Data items:
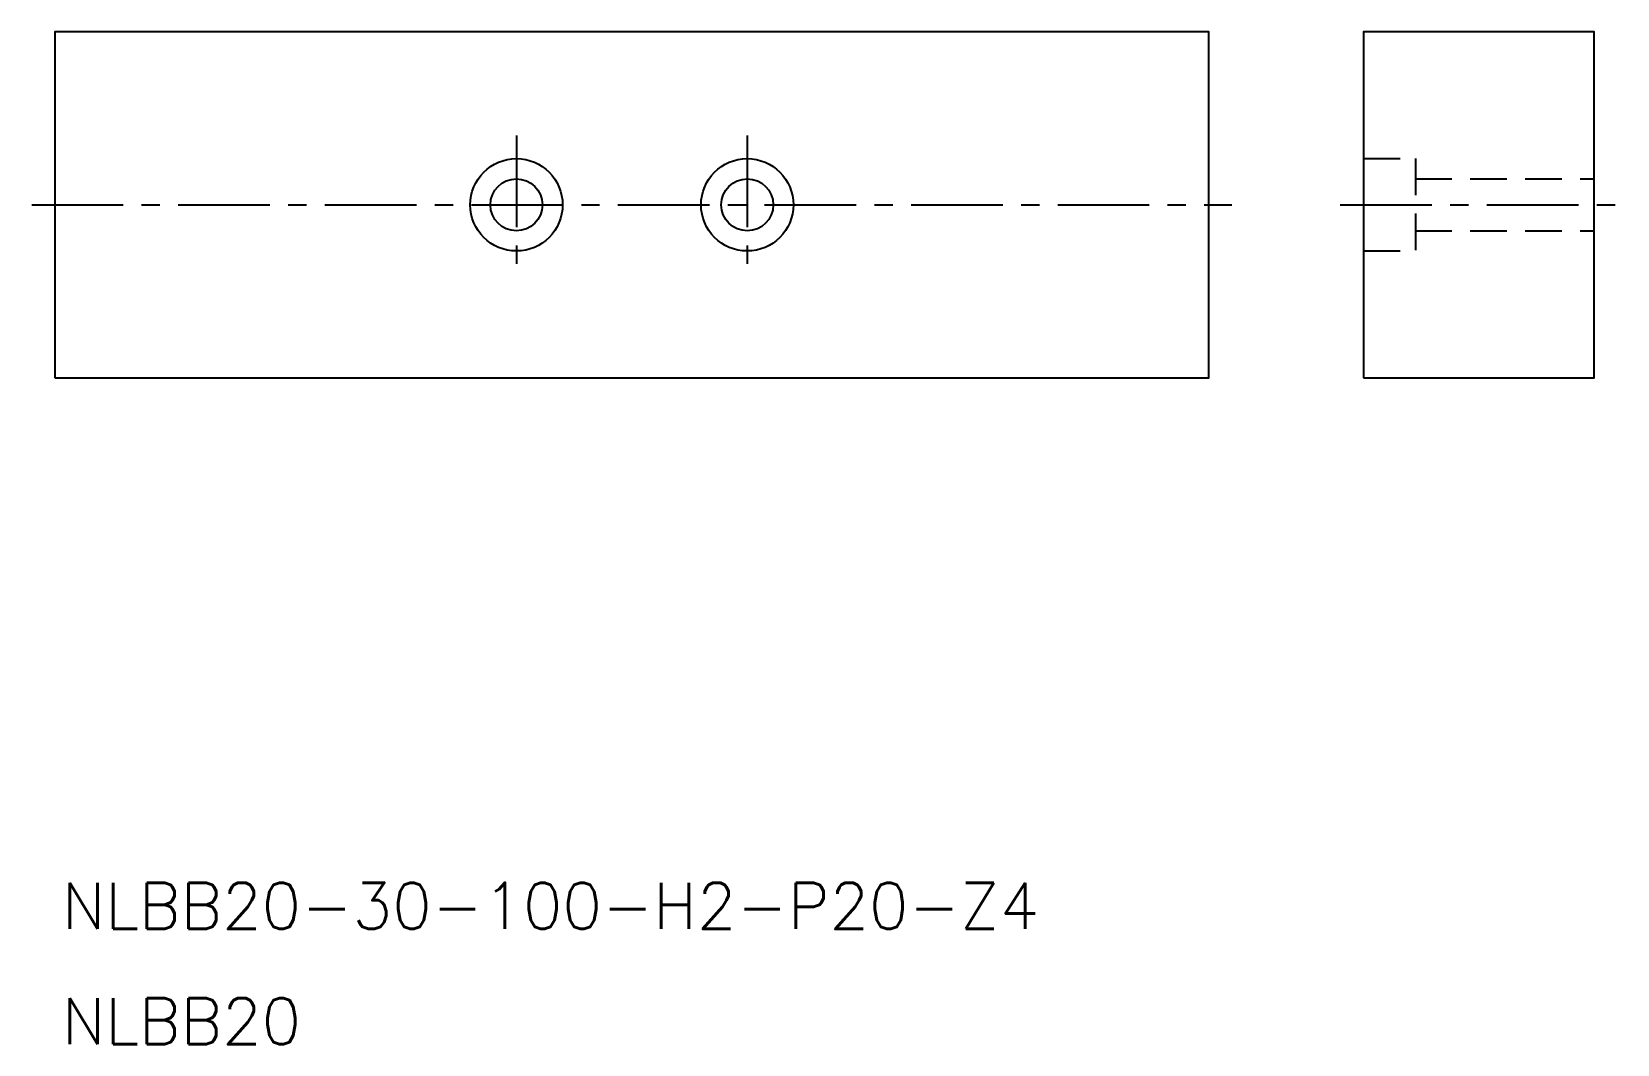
# Model space of a CAD drawing. Extents: x -25 to 112, y -20 to 68.
import ezdxf

# ---------------------------------------------------------------- set-up
doc = ezdxf.new("R2010")
doc.units = 0
doc.header["$LTSCALE"] = 0.25
doc.linetypes.add('CENTER', pattern=[50.8, 31.75, -6.35, 6.35, -6.35])
doc.linetypes.add('DASHED', pattern=[19.05, 12.7, -6.35])
doc.layers.get('0').update_dxf_attribs({"linetype": 'CONTINUOUS'})
doc.layers.add('CENTER', color=1, linetype='CENTER')
doc.styles.get("Standard").update_dxf_attribs({"font": 'txt.shx'})

msp = doc.modelspace()

# ---------------------------------------------------------------- linework, layer by layer
at = {"color": 3, "linetype": 'DASHED'}
for p, q in [((90.27, 56.74), (94.77, 56.74)), ((94.77, 56.74), (94.77, 48.74)), ((94.77, 54.99), (110.27, 54.99)), ((94.77, 50.49), (110.27, 50.49)), ((90.27, 48.74), (94.77, 48.74))]:
    msp.add_line(p, q, dxfattribs=at)
for points in [[(-23.12, 37.74), (76.88, 37.74), (76.88, 67.74), (-23.12, 67.74)], [(90.27, 37.74), (110.27, 37.74), (110.27, 67.74), (90.27, 67.74)]]:
    msp.add_lwpolyline(points, close=True)
for centre, radius in [((16.88, 52.74), 4), ((36.88, 52.74), 4), ((16.88, 52.74), 2.25), ((36.88, 52.74), 2.25)]:
    msp.add_circle(centre, radius)
at = {"layer": 'CENTER', "color": 1, "linetype": 'CENTER'}
for p, q in [((16.88, 58.74), (16.88, 46.74)), ((36.88, 58.74), (36.88, 46.74)), ((-25.12, 52.74), (78.88, 52.74)), ((88.27, 52.74), (112.27, 52.74))]:
    msp.add_line(p, q, dxfattribs=at)

# ---------------------------------------------------------------- texts
for s, p in [('NLBB20-30-100-H2-P20-Z4', (-22.51, -10)), ('NLBB20', (-22.51, -20))]:
    msp.add_text(s, height=4).set_placement(p)

doc.saveas('drawing.dxf')

■ **The problem**
Nothing but the lines from the line containing "msp.add_text(s, height=4).set_placement(p)" through the final line of the entries should appear in your answer, copied exactly.

■ **Task result**
    msp.add_text(s, height=4).set_placement(p)

doc.saveas('drawing.dxf')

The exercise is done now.